Written by: Brian Gordon, Chief Business Officer, Dave Cantin Group
The automotive industry, and particularly the retail automotive segment, has been a laggard in its utilization of data, insights, and overall market intelligence to help drive business decisions. This isn’t surprising for an industry proudly rooted in a blue-collar mentality and with best practices and trade secrets being passed down through the generations, not taught in business school. Oh, and for about a century, it’s also been one of the most consistently successful business verticals out there = so why change?
Of course, data exists in retail automotive. What’s changing most is the intelligence part. The industry is becoming more data dependent, asking for it along with accompanying insights to help make the right short-term and long-term business decisions. To be effective data must be current, must be packaged in a way that’s user friendly, and must have people skilled in analyzing it for the executives making the business decisions.
If the tide is turning, why now? Why is there a need and why is a dealer body that’s been indifferent to the importance of data starting to embrace it?
The primary need has ironically arisen as a direct result of a time when dealerships were making more money than ever before. The COVID profits in 2021 and 2022 skewed the industry’s perspective on performance and what a good year was that it reframed the art of the possible for retail automotive. Before the 4-minute mile was broken, it wasn’t something anyone imagined possible. Once it was broken, it kept getting broken repeatedly. It is unlikely that normal times in retail automotive will see an 8% return on sales again, but the fact that the industry tasted it made 2% – 3% seem like tough times.
So here we are, closer to pre-covid numbers but 2024 sure doesn’t feel much like 2018. Dealers aren’t satisfied, they want greater profits, but where is it coming from when margins are under pressure, lots are filling up, growth drivers aren’t obvious, and consumers are just starting to tighten their belts?
Take that one step further for larger companies that made significant acquisitions during the COVID years.
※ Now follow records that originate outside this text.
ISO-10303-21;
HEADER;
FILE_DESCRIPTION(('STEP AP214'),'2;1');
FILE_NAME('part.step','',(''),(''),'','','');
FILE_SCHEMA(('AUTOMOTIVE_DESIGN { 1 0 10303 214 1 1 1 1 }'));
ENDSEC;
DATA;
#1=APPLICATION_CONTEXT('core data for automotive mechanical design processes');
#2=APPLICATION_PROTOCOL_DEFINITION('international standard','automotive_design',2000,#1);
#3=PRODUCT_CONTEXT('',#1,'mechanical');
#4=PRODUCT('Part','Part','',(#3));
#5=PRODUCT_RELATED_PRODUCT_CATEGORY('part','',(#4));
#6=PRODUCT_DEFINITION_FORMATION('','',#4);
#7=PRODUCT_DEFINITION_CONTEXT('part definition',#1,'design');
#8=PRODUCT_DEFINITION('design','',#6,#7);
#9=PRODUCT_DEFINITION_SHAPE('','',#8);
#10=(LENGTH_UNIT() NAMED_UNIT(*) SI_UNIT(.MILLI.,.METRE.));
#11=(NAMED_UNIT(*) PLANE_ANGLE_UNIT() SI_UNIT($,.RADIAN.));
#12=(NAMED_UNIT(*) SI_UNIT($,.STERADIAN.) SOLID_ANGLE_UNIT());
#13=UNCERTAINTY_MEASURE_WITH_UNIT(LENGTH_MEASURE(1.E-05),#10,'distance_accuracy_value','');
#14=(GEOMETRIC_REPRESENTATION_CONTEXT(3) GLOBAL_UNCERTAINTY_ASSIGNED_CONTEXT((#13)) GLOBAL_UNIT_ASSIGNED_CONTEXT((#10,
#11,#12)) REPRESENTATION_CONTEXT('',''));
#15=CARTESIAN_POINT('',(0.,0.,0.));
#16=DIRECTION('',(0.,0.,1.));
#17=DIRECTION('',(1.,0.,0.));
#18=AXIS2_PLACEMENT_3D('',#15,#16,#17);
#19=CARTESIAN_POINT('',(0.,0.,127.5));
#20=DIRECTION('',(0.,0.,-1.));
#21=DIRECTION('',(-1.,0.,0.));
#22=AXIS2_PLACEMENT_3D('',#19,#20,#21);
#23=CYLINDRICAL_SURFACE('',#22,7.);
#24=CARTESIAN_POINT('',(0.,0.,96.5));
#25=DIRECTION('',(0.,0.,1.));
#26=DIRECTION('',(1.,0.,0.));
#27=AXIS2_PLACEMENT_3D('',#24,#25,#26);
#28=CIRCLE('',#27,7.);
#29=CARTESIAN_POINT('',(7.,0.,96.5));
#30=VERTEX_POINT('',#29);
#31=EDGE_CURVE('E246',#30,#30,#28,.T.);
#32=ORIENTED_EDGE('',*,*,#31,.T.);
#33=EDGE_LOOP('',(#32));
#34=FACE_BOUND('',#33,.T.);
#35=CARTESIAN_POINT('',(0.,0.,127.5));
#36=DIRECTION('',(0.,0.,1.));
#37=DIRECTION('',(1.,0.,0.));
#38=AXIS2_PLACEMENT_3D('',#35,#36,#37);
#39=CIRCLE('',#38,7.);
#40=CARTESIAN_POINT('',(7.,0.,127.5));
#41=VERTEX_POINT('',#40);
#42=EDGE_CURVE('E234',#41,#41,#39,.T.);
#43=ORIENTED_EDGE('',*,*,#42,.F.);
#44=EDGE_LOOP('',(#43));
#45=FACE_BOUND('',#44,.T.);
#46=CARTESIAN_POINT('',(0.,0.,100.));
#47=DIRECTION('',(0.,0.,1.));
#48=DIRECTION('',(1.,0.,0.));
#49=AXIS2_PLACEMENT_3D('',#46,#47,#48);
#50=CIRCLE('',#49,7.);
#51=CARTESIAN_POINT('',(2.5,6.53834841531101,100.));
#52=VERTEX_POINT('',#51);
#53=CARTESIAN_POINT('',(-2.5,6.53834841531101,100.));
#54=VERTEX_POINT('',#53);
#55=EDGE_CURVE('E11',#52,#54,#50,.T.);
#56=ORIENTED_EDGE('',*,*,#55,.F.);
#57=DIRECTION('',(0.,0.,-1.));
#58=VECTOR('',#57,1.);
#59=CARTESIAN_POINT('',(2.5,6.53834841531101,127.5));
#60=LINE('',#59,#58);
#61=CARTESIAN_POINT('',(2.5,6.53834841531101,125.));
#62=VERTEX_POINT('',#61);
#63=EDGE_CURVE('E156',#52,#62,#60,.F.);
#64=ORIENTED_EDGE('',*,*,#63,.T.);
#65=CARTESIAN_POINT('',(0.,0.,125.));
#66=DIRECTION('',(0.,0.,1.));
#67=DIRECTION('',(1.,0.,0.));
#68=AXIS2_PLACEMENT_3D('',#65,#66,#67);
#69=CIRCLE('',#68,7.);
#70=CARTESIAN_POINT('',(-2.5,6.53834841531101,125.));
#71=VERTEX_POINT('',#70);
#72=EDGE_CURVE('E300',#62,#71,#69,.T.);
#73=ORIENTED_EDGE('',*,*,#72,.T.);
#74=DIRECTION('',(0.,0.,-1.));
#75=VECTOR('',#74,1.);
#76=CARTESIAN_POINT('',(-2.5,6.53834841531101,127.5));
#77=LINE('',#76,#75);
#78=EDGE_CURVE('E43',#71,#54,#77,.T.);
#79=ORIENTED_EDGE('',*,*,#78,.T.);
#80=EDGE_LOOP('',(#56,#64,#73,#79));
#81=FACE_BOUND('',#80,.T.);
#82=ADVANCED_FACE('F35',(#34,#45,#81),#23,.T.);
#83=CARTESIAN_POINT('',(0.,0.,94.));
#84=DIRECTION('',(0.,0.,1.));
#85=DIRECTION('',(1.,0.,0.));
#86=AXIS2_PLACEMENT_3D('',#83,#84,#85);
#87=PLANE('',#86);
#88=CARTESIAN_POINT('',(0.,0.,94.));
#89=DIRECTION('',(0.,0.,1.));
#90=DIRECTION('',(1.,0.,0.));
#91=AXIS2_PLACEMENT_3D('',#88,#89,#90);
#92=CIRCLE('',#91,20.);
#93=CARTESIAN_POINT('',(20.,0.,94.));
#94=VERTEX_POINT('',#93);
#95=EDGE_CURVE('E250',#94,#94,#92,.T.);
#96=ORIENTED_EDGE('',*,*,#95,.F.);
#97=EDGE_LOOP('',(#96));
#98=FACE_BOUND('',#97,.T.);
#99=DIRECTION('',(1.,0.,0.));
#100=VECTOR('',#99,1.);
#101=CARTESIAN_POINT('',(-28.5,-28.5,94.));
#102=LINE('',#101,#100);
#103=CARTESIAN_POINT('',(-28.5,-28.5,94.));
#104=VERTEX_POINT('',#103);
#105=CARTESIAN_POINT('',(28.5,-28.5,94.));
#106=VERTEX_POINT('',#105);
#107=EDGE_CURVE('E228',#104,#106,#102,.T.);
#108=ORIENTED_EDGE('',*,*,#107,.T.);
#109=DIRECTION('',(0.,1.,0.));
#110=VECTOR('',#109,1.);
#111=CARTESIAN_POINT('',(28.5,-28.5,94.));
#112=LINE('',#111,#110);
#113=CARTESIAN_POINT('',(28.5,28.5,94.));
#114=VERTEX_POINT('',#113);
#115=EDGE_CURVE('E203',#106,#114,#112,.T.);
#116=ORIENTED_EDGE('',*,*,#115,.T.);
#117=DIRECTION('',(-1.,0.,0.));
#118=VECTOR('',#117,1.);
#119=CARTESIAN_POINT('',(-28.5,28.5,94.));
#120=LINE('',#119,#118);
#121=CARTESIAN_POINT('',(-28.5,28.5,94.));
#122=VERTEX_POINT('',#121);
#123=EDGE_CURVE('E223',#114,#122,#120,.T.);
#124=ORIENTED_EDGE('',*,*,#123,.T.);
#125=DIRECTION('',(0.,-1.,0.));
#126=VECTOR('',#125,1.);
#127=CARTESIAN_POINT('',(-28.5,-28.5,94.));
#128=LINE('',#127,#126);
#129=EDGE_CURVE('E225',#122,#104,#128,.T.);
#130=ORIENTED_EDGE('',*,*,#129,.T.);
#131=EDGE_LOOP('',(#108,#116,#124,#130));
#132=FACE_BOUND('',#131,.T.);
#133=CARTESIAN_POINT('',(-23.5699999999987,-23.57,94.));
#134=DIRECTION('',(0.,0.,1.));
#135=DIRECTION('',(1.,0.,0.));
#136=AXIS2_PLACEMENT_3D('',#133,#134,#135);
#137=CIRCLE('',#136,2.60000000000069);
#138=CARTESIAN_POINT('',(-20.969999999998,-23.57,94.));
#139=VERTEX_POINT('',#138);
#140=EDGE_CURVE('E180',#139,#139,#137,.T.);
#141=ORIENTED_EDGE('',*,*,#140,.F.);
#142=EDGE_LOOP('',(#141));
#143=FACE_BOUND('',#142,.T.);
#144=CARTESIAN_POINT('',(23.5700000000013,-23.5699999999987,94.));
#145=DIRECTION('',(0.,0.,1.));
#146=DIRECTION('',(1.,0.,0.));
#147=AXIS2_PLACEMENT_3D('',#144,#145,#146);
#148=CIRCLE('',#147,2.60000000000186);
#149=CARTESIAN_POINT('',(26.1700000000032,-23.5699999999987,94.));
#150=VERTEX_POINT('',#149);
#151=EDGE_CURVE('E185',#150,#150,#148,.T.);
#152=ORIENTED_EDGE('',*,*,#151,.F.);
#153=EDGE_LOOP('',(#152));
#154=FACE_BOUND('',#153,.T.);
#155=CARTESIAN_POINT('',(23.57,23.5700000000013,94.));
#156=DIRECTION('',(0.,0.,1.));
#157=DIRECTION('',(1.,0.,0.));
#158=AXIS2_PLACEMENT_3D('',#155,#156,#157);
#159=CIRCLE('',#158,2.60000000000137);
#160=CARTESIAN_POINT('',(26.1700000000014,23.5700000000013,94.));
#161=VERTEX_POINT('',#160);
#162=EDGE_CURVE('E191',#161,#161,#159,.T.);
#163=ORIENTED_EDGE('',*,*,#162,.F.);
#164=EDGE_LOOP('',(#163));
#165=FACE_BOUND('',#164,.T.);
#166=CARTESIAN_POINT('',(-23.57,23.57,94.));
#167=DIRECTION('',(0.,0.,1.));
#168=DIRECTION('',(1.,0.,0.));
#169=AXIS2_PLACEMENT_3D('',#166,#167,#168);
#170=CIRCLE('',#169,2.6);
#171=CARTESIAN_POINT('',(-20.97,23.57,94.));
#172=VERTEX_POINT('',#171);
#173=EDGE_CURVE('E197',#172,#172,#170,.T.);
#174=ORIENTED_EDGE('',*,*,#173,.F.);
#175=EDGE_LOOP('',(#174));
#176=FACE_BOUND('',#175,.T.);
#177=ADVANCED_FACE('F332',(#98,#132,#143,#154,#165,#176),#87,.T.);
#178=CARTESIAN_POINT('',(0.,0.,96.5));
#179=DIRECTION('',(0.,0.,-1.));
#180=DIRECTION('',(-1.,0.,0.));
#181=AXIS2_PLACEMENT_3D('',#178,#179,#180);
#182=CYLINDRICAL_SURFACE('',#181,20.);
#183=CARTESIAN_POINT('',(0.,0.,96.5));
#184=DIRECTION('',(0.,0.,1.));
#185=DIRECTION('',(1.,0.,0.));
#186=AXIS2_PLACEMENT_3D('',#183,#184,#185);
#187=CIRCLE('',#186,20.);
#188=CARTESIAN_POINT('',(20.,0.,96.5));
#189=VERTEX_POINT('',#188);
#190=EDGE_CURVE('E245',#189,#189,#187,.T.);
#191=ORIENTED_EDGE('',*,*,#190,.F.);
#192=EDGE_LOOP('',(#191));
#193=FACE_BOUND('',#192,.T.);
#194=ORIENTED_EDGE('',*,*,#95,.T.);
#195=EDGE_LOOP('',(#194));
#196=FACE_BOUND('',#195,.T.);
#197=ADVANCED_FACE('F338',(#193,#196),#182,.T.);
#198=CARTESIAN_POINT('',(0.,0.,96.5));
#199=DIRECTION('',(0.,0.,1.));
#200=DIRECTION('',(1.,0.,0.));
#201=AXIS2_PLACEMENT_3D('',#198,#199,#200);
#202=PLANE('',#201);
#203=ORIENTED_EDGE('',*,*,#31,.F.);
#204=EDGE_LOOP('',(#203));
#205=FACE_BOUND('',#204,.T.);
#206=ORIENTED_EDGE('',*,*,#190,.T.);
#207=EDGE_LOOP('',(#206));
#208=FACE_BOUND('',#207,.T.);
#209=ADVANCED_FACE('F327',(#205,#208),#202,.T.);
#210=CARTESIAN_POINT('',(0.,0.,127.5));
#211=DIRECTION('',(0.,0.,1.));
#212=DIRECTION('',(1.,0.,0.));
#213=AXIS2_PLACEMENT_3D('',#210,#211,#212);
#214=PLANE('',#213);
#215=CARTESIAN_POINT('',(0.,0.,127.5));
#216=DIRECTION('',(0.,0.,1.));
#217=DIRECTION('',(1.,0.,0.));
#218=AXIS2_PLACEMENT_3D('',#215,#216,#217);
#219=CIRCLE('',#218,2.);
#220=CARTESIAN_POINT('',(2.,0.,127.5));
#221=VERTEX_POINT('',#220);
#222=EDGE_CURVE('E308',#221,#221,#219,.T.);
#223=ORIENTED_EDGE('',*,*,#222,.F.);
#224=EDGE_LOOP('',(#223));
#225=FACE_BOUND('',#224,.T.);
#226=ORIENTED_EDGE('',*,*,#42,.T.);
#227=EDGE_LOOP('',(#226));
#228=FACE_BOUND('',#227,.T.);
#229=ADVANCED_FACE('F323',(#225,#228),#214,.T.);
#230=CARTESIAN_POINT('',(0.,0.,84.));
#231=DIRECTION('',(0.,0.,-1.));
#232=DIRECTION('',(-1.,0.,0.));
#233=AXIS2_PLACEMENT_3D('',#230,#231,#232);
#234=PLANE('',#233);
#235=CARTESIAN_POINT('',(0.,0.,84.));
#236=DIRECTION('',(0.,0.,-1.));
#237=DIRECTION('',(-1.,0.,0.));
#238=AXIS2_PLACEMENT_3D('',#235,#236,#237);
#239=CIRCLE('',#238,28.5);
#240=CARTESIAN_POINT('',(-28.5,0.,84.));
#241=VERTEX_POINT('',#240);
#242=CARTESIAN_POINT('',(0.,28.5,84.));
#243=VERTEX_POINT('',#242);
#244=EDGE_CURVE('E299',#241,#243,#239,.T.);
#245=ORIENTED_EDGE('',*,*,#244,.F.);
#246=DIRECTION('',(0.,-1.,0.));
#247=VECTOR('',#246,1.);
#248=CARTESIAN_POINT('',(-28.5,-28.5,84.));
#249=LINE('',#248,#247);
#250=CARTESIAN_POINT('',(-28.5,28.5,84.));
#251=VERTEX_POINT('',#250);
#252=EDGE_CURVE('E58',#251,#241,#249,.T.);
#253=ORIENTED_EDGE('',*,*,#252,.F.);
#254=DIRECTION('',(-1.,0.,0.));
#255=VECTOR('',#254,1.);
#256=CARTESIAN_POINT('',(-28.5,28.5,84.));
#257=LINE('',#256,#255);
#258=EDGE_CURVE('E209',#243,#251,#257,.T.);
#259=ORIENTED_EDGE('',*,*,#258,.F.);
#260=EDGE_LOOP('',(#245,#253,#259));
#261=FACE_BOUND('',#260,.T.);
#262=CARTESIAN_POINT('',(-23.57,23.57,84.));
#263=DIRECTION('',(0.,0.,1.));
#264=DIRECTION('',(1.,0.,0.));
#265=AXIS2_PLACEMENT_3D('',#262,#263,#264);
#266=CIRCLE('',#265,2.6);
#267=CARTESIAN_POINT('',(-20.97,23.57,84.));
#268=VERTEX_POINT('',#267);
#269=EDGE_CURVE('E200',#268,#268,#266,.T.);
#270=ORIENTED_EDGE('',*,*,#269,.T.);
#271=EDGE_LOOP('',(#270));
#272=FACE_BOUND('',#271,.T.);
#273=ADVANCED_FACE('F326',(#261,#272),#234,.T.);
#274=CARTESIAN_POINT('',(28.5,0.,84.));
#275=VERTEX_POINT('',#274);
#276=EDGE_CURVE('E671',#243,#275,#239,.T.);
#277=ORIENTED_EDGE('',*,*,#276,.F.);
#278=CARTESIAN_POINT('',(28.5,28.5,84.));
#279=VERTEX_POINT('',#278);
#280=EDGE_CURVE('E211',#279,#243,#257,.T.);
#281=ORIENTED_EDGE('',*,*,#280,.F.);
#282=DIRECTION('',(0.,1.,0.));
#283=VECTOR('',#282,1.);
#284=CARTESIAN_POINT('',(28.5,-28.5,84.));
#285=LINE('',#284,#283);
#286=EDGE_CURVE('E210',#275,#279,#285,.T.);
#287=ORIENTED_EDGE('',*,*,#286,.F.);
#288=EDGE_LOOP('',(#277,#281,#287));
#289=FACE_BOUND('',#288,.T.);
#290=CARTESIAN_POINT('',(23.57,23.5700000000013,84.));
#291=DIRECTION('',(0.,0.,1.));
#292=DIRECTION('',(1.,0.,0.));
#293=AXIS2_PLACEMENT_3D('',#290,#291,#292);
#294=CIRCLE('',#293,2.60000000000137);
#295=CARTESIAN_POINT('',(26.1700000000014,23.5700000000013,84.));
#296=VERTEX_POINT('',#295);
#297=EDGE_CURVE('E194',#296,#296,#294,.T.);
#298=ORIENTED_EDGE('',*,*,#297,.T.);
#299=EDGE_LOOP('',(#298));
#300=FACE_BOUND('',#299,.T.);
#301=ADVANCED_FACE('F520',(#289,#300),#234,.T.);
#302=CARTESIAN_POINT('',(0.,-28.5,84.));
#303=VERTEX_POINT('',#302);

These groups paid top dollar for dealerships that are great long-term assets, but on a short-term annual basis, the proformas and projections are underperforming their models and leaders need to extract as much value as possible out of each store to make up the gaps.
Related: Brett Hopkins, CEO of Ken Garff Automotive Group on the Dealer News Today podcast discussing the ‘amazing’ Covid years and sellers trying to market their dealerships based on those numbers.
Now we know there’s a need for data, but why the willingness to embrace it?
The makeup of the dealer body is changing in three ways.
1. Family-owned dealerships are being passed down to a generation where data and intelligence are endemic, a part of their everyday lives including business.
2. Rapid consolidation has put more dealerships under the management of larger, more sophisticated automotive groups who have already embraced the data driven approach.
3. Significant amounts of institutional capital have flowed into the business, not only demanding results but expecting operators to make decisions based on data.
What’s bringing all of this together is that more data is beginning to be available by third parties in ways that the industry can use. Why should the approach to automotive M&A be any different?
DCG has been quietly investing in M&A intelligence for years but seeing the recent thirst for more, we’ve upped our game too.
We launched our Dealer News Today Automotive Industry podcast in 2020 and our content engine shortly thereafter. We began development of our AI-powered software, Jump IQ, in 2022 and just announced its imminent launch last week. This tool has been built to assist the retail automotive segment in making better and more informed choices with their M&A strategies. In January of this year, we debuted our annual Market Outlook Report and will publish updates in the summer and fall. In the coming weeks, we’ll be announcing a syndicated show focused on M&A.
This industry is wrestling with an unprecedented number of challenges: shrinking margins, increases in inventory, higher costs due to interest rate increases, a slowing economy and a more cost-conscious consumer, regulatory changes, slowing EV adoption, increased foreign competition, labor challenges, volatile used car market, and more. For dealers to maintain margins and maintain growth, they need to have data and insights into every facet of their business and an understanding of how to benchmark their business against how others are performing.
M&A is a critical part of the overall equation. M&A has been go, go, go for the past few years, with many great acquisitions closing without being a part of a real business strategy. M&A isn’t slowing down at all, but the intentionality and strategy has changed. Executives are demanding more data and insights to effectively develop a long-term M&A strategy, determine acquisitions to target, and decide what underperforming or outlying stores to divest of.
“Today’s acquisitions must work for tomorrow.”
This is where DCG’s commitment to innovation, M&A intelligence and our AI powered software separates us. We’re solving for the bigger picture, answering the questions yet to be asked by bringing our clients data, information, insights, and visibility across a variety of platforms that have never been available before.
Are we raising the bar for the entire industry? Maybe.
Maybe we’re just hyper-focused on achieving better outcomes for those we serve, and the industry bar was never in our way.